感觉皇帝是在给自己找事儿,贺家任职,走的向来都是文官,如今让自己派人到军营中,这不是在给自己找事儿吗?
偏偏自己在这没什么根基,更没什么得用之人。
派其他人去军营,自己又不放心,对这事儿真是头疼。
贺风看父亲愁眉不展的样子,也不知该如何安慰。
“父亲不必担忧,总有解决之法。”
“唉,你的身体刚刚转好,不必为这些事操劳,你现在最重要的是要养好身子,至于这事儿,在与族中商量吧!”

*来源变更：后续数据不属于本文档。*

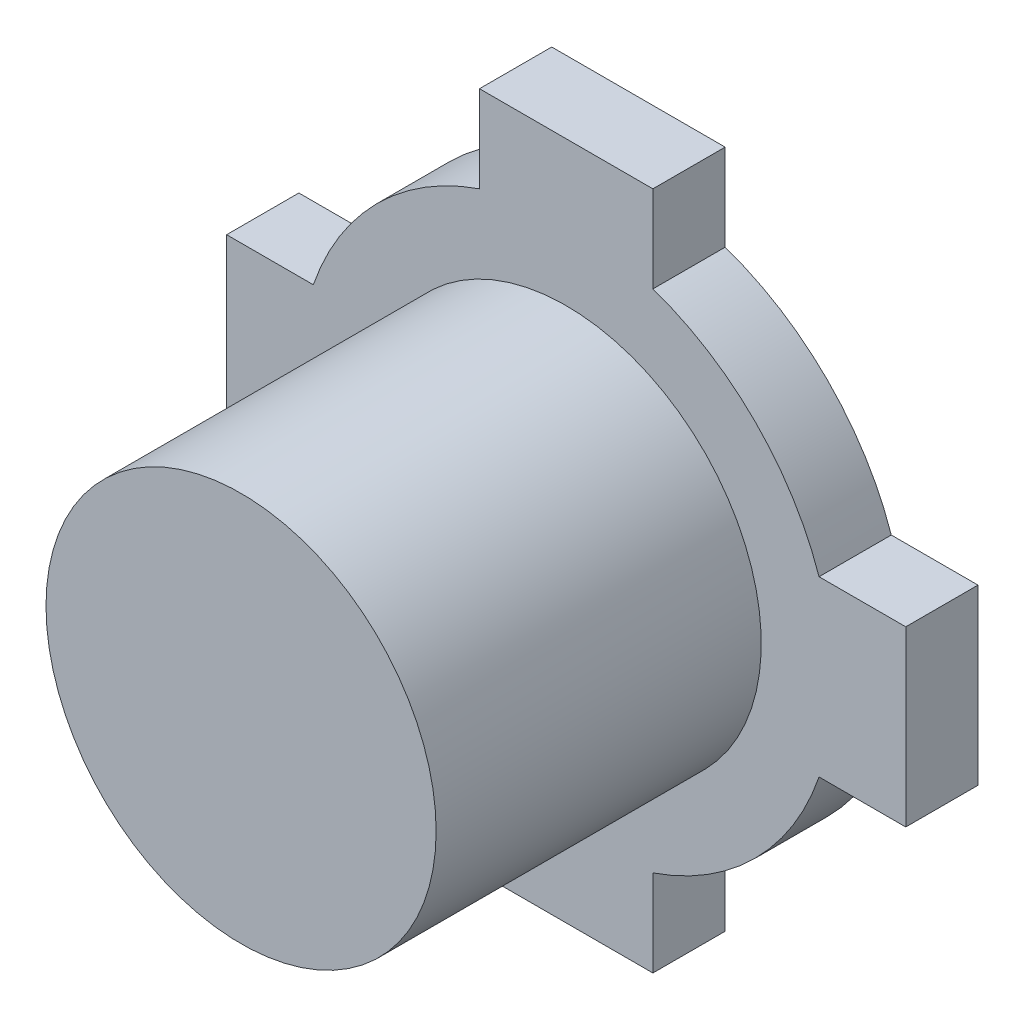
SolidWorks part; units mm, degrees
ref_plane "Front Plane" through (0, 0, 0) normal (0, 0, 1) x (1, 0, 0)
ref_plane "Top Plane" through (0, 0, 0) normal (0, 1, 0) x (1, 0, 0)
ref_plane "Right Plane" through (0, 0, 0) normal (1, 0, 0) x (0, 0, -1)
sketch "Sketch1" plane through (0, 0, 0) normal (0, 0, 1) x (1, 0, 0)
  circle A0 centre (0, 0) radius 2.7
  circle A1 centre (0, 0) radius 3 construction
  dimension "D1" = 0.3
extrude "Boss-Extrude1" add sketch "Sketch1" along normal blind 4.5
sketch "Sketch2" plane through (0, 0, 0) normal (0, 0, -1) x (-1, 0, 0)
  line L129 (-3.5, 1.2) -> (-4.7, 1.2)
  line L130 (-4.7, 1.2) -> (-4.7, -1.2)
  line L131 (-4.7, -1.2) -> (-3.5, -1.2)
  line L132 (-1.2, -3.5) -> (-1.2, -4.7)
  line L133 (-1.2, -4.7) -> (1.2, -4.7)
  line L134 (1.2, -4.7) -> (1.2, -3.5)
  line L135 (3.5, -1.2) -> (4.7, -1.2)
  line L136 (4.7, -1.2) -> (4.7, 1.2)
  line L137 (4.7, 1.2) -> (3.5, 1.2)
  line L138 (1.2, 3.5) -> (1.2, 4.7)
  line L139 (1.2, 4.7) -> (-1.2, 4.7)
  line L140 (-1.2, 4.7) -> (-1.2, 3.5)
  line L141 (-3.5, 1.2) -> (-4.7, 1.2)
  line L142 (-4.7, 1.2) -> (-4.7, -1.2)
  line L143 (-4.7, -1.2) -> (-3.5, -1.2)
  line L144 (-1.2, -3.5) -> (-1.2, -4.7)
  line L145 (-1.2, -4.7) -> (1.2, -4.7)
  line L146 (1.2, -4.7) -> (1.2, -3.5)
  line L147 (3.5, -1.2) -> (4.7, -1.2)
  line L148 (4.7, -1.2) -> (4.7, 1.2)
  line L149 (4.7, 1.2) -> (3.5, 1.2)
  line L150 (1.2, 3.5) -> (1.2, 4.7)
  line L151 (1.2, 4.7) -> (-1.2, 4.7)
  line L152 (-1.2, 4.7) -> (-1.2, 3.5)
  arc A35 (-1.2, 3.5) -> (-3.5, 1.2) centre (0, 0) ccw
  arc A36 (-3.5, -1.2) -> (-1.2, -3.5) centre (0, 0) ccw
  arc A37 (1.2, -3.5) -> (3.5, -1.2) centre (0, 0) ccw
  arc A38 (3.5, 1.2) -> (1.2, 3.5) centre (0, 0) ccw
  arc A39 (-1.2, 3.5) -> (-3.5, 1.2) centre (0, 0) ccw
  arc A40 (-3.5, -1.2) -> (-1.2, -3.5) centre (0, 0) ccw
  arc A41 (1.2, -3.5) -> (3.5, -1.2) centre (0, 0) ccw
  arc A42 (3.5, 1.2) -> (1.2, 3.5) centre (0, 0) ccw
  dimension "D1" = 0.3
extrude "Boss-Extrude2" add sketch "Sketch2" along normal blind 1

“父亲,好长时间没看到过二弟了,不知他如今的身子可好些了。”来边城这么长时间,除了分家那日见到过,其他日子都没见着人过。
今日坐在这儿,反而想起那长时间没见过的二弟。
听到这话的贺清风,抬着茶杯的手僵在唇边。
片刻,又若无其事地喝了口茶,朝着贺风解释了句。
“你二弟身子不好,也就免了他来府里请安的日子,让他好好将养身子,你也不被打扰。”
“是,父亲。”贺风对于父亲的话没有丝毫怀疑。
“那到时候,商量派谁去军营,可要换他回来。”
听到这话的贺清风更加不自在,当时签了文书,现在要是去找,会不会不太好。
一时间也不能给人答复,只能模棱两可地将贺风打发走。
留下贺清风一人在书房里沉思,这派去军营大小是个官儿,可整个贺家都是文弱书生。
既然无法选出合适的人手,派人去告知他一声也是可以,免得又传出什么闲话。
不过若是能借由此事缓和他们之间的父子情,就更好了。
随即派人去寻贺轩的下落,说来也可笑,他们明明是俩父子,却到了如今这地步。
分家这么长时间,连自己儿子住在哪儿都不知道。
不过现在贺清风入了县衙,看了户籍,就查到了贺轩买的院子。
只是入门询问,却得到了,和轩不在家中,留下口信便回府上复命。
另一边,贺轩与顾暖两人得到消息,都忍不住诧异。
“这老东西有点手段,居然查到了他们两人的住所。”贺轩忍不住冷笑,当时可是签了契书。
说好不再打扰,现在都干些什么了。